Screening of Indian Wheat Genotypes for Tolerance to Drought Conditions and its Correlation to Drebs Transcription Factors

Abstract

Eighteen Indian wheat genotypes were assessed for water stress conditions using morpho physiological and molecular tools. A set of eighteen wheat genotypes were used under normal sown in irrigated condition and no irrigated conditions. Results revealed that postflowering drought stress reduced the grain yield and yield components in all genotypes. The highest yield loss was caused by the number of grain per spike and 1000-grain weight reduction under drought stress conditions. The genotypes UP-2425, WH-1100, PBW-590 showed minimum decline and HD-1080, DBW-17 and WH-1105 showed sharp decline for morpho and physiological as well as yield characters in stress at anthesis. However, low to high reductions were observed in stress conditions as compared to non-stress. The effects of drought stress on wheat genotypes were also analyzed by PCR screening using eight gene specific primers. The OsMSR2 is the only primer showing constitutive, inducible and repressible level of allele expression with all 18 wheat genotypes under control and drought stress condition.

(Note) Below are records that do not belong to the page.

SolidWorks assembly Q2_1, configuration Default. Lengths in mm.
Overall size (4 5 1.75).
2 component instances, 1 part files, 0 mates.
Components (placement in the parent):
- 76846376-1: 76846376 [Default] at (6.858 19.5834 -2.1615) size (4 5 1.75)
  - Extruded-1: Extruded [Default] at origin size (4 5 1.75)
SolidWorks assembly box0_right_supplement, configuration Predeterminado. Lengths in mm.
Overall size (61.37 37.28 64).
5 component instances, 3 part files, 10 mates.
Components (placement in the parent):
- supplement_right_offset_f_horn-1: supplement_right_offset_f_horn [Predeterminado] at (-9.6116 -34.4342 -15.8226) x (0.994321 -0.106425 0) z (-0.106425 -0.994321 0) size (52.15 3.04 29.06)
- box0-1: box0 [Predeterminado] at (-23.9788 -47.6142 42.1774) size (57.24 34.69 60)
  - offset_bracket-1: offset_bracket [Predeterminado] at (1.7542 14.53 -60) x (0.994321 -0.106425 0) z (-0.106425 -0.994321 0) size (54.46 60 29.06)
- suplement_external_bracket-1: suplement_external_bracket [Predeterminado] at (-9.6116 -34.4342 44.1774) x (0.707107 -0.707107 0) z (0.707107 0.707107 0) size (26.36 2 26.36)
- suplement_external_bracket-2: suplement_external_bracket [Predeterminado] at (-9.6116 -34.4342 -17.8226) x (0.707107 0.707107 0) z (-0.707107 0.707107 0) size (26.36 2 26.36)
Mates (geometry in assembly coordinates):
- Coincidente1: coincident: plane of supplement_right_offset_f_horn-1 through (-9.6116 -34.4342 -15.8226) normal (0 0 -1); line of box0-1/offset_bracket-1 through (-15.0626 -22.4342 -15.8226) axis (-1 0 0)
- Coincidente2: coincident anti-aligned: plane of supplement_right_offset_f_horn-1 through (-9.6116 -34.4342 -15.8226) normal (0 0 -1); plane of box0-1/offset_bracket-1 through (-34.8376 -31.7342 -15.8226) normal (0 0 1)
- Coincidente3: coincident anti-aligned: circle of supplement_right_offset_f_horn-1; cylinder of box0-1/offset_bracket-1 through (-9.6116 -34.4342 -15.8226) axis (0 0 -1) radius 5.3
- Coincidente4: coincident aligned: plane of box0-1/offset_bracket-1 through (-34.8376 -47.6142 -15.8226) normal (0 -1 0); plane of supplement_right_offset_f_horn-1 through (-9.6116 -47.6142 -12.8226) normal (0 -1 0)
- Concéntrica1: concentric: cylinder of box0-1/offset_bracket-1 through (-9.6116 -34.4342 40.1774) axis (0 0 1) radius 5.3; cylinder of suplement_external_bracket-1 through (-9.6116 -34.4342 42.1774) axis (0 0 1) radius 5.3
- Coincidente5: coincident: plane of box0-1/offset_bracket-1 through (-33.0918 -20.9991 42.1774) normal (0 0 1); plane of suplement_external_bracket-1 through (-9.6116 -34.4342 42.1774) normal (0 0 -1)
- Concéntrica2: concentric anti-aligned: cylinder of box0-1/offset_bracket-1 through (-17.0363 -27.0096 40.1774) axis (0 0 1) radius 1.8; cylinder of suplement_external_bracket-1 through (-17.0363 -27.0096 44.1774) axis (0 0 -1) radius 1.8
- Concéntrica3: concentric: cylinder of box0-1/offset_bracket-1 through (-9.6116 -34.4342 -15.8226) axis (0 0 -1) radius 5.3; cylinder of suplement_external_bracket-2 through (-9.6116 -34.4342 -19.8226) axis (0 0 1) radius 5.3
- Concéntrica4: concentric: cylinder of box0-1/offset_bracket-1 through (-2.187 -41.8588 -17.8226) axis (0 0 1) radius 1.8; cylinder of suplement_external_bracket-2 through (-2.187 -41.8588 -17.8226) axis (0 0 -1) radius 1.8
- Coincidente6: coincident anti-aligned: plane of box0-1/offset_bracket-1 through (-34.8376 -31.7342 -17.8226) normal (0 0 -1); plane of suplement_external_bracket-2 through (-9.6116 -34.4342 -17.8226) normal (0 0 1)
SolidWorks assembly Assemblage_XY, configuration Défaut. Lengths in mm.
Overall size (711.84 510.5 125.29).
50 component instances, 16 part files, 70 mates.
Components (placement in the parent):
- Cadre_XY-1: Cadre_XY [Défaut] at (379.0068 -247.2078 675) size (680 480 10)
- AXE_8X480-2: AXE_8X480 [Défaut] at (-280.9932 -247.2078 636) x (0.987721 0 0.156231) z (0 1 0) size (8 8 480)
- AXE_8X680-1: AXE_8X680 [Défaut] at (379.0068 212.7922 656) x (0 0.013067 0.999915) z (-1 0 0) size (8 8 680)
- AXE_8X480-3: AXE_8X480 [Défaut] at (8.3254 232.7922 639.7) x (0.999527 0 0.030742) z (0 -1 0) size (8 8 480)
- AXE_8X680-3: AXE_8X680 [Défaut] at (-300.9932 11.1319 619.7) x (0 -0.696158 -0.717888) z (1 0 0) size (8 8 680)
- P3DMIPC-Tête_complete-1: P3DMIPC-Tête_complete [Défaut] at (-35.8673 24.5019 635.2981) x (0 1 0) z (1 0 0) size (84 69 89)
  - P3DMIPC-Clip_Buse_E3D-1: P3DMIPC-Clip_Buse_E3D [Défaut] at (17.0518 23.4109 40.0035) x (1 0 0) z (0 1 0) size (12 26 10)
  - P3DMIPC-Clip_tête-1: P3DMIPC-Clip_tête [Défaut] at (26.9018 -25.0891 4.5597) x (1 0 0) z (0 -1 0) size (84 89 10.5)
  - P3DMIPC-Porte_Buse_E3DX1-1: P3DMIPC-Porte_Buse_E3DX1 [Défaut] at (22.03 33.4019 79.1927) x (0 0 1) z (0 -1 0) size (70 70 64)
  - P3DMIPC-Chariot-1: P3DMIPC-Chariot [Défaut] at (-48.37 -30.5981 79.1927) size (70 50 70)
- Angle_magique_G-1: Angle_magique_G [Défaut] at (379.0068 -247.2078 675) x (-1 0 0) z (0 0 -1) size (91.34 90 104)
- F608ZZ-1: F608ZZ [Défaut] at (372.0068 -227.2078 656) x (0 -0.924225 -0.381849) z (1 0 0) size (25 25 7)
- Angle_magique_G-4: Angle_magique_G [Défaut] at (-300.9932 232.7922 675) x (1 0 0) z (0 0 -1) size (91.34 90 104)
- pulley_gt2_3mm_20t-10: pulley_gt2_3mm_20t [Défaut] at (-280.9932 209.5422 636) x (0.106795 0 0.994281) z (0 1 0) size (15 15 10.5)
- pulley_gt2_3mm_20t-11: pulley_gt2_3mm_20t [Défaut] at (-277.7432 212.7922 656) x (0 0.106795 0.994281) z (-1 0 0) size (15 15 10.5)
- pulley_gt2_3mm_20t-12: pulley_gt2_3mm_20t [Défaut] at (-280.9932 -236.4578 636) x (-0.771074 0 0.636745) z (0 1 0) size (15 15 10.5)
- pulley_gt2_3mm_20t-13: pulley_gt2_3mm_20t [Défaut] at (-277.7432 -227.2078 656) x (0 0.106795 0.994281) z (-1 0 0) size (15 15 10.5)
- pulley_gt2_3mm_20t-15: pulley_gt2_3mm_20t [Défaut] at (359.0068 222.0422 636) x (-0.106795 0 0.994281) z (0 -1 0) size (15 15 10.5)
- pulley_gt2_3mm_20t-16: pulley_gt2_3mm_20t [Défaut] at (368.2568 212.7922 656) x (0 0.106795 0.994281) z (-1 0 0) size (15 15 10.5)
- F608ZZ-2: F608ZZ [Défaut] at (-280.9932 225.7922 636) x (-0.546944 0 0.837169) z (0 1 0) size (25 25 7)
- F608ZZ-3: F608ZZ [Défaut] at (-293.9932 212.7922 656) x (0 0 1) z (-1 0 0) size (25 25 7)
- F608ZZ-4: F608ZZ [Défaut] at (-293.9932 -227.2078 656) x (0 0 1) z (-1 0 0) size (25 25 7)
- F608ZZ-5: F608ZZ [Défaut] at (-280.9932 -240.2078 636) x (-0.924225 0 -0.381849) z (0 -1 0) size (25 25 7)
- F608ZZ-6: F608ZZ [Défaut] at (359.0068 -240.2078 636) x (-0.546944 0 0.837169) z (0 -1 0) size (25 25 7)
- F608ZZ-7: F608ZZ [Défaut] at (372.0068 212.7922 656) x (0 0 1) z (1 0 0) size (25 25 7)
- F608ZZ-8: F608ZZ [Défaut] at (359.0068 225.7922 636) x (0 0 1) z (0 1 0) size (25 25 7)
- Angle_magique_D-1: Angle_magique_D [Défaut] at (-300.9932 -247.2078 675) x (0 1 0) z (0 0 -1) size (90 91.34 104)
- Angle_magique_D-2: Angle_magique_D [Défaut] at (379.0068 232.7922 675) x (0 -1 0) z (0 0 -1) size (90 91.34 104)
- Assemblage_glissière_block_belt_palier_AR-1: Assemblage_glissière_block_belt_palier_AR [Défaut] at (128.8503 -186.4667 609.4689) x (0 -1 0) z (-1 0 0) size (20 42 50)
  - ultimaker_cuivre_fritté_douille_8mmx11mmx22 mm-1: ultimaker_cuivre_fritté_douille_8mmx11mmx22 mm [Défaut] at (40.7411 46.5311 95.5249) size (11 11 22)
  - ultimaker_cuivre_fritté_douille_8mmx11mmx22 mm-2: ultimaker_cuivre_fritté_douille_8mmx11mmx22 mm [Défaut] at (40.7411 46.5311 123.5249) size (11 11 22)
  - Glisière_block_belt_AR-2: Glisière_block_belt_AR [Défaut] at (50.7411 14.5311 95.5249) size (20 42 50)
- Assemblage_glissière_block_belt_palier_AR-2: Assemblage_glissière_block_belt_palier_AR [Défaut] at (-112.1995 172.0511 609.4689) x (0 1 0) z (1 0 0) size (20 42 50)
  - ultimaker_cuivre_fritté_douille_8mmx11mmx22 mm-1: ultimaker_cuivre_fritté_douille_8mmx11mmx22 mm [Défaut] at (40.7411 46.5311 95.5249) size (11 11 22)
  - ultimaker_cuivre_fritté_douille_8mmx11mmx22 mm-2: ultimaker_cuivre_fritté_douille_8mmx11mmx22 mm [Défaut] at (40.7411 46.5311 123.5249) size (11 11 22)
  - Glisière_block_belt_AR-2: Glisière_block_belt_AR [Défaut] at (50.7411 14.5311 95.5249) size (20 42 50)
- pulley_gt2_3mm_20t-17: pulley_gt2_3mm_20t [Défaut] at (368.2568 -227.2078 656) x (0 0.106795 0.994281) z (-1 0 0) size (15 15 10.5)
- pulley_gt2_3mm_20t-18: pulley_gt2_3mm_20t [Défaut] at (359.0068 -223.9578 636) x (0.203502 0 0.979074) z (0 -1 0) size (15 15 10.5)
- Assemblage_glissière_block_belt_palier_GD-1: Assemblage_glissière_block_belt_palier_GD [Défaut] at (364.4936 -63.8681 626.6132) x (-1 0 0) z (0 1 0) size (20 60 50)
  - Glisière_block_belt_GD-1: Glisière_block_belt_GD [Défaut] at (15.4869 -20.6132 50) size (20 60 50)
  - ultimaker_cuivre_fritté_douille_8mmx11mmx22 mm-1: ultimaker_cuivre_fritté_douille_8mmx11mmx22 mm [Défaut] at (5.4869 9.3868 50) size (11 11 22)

Their expression is induced in UP-2744 but their expression is repressed in HD-1080, PDW-621 and PBW-550. TaSHN2 primer showing two strong DNA bands in all18 genotypes but in RAJ-3765 and UP-2744 single bands is present both under control and drought stress conditions. Molecular analysis revealed that all the primers used in the study amplified a DNA approximately 100 bp in drought stress as well as unstressed condition with all 18 genotypes. It is considered as a consensus sequence of these genes with their respective primers which means that there is no genetic diversity in the genotypes where same size band was amplified. This suggests that well adapted cultivars may not differ much in their respective gene sequence. While on the other hand, non amplifying bands in rest of the genotypes indicated that these genotypes might possess entirely different genes which were not picked up by these primers and had more conserved coding region.